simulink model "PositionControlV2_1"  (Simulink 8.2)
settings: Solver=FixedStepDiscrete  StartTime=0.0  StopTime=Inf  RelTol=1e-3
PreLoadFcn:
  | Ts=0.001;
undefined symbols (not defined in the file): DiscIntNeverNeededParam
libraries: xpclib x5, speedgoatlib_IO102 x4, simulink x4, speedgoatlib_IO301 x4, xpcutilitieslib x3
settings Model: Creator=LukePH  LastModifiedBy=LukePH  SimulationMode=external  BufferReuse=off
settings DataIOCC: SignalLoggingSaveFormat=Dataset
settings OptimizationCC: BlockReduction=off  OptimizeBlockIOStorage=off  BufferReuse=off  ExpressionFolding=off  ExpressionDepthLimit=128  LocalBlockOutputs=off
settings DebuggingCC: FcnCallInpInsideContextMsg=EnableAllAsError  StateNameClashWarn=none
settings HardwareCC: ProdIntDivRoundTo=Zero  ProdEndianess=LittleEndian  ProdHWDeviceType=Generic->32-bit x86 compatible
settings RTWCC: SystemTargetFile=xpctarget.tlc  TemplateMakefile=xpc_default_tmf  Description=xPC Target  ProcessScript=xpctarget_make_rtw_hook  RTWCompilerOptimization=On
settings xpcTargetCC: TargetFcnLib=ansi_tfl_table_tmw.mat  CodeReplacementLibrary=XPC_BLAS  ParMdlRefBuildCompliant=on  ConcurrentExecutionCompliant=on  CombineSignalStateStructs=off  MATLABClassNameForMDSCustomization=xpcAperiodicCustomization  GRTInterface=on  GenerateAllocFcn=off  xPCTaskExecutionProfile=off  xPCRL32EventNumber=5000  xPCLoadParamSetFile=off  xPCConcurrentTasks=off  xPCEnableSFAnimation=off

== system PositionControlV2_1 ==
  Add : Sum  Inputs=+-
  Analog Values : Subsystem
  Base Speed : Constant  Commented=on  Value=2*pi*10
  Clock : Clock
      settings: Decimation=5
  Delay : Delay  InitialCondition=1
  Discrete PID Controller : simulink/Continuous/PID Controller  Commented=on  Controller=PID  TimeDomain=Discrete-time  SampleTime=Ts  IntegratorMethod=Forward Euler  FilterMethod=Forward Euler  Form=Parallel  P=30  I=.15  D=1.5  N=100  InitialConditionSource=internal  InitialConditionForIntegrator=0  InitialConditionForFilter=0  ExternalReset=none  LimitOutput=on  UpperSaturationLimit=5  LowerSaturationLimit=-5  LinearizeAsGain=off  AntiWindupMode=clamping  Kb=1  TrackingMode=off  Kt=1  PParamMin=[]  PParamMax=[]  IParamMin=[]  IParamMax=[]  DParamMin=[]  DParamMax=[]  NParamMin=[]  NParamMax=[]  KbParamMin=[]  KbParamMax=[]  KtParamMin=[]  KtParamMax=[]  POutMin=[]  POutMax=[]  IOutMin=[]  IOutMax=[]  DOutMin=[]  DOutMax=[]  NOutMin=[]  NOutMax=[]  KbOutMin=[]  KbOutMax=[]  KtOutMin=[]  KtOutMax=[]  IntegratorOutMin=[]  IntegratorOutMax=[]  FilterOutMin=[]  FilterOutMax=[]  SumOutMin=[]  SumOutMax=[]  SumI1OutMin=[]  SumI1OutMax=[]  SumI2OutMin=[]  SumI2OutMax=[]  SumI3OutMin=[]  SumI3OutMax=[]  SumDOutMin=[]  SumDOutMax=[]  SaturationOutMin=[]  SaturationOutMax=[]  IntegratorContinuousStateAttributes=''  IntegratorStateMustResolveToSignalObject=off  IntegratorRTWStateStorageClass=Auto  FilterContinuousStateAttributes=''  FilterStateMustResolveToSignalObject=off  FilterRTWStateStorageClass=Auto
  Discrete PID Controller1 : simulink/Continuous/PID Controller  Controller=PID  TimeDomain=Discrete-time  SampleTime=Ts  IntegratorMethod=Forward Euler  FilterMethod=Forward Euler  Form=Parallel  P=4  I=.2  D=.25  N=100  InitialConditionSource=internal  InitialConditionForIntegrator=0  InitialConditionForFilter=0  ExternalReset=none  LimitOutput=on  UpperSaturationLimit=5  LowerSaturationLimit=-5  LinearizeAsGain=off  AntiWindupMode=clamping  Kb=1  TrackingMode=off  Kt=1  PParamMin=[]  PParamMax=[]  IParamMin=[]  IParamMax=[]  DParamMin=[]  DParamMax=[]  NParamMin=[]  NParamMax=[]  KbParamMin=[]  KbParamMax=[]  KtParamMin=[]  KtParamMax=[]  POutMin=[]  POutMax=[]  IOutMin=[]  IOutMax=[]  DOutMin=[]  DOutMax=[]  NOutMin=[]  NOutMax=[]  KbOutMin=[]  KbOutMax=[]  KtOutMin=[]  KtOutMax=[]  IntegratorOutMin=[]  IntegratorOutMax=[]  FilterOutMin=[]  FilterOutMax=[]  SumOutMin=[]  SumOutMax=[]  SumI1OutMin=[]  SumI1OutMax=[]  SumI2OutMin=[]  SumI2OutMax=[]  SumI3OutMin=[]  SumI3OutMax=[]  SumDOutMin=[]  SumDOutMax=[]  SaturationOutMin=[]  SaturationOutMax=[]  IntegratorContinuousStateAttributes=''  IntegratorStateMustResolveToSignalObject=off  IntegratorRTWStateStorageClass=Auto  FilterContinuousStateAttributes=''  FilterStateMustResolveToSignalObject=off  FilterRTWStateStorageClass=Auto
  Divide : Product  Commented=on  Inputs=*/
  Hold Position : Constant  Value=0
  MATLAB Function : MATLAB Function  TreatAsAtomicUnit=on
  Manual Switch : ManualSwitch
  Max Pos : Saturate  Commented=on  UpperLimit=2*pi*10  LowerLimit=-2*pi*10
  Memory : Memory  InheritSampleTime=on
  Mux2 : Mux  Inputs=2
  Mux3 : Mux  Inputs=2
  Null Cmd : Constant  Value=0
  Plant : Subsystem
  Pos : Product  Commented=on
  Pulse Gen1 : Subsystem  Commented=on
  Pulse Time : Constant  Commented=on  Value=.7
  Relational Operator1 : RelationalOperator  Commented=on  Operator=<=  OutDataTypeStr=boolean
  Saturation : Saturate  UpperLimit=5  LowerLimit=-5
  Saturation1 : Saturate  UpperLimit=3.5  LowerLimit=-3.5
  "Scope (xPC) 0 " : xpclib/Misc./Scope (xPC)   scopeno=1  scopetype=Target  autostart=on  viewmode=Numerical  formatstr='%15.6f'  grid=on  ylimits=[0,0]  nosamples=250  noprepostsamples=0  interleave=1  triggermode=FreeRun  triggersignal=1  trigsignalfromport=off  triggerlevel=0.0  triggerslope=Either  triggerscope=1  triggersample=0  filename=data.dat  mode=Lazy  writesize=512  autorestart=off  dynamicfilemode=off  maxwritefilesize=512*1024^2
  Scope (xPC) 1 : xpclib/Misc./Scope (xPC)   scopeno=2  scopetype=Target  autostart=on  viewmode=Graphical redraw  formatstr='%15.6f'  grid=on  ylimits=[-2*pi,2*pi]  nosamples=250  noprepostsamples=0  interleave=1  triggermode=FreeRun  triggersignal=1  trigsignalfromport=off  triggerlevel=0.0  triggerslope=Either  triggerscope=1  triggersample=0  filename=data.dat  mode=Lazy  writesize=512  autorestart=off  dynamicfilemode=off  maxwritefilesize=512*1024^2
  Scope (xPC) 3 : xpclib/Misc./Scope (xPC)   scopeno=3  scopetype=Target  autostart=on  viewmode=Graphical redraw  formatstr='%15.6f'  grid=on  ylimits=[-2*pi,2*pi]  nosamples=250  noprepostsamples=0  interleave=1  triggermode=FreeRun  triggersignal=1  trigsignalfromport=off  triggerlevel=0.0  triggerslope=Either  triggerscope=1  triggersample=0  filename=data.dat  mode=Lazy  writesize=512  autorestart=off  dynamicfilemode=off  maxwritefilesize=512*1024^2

What needs to be done:
Looking at the data above, write out exactly the lines that start at the one containing "Saturation : Saturate" and end at the one containing "Saturation1 : Saturate"; include both and nothing beyond.

Task answer:
  Saturation : Saturate  UpperLimit=5  LowerLimit=-5
  Saturation1 : Saturate  UpperLimit=3.5  LowerLimit=-3.5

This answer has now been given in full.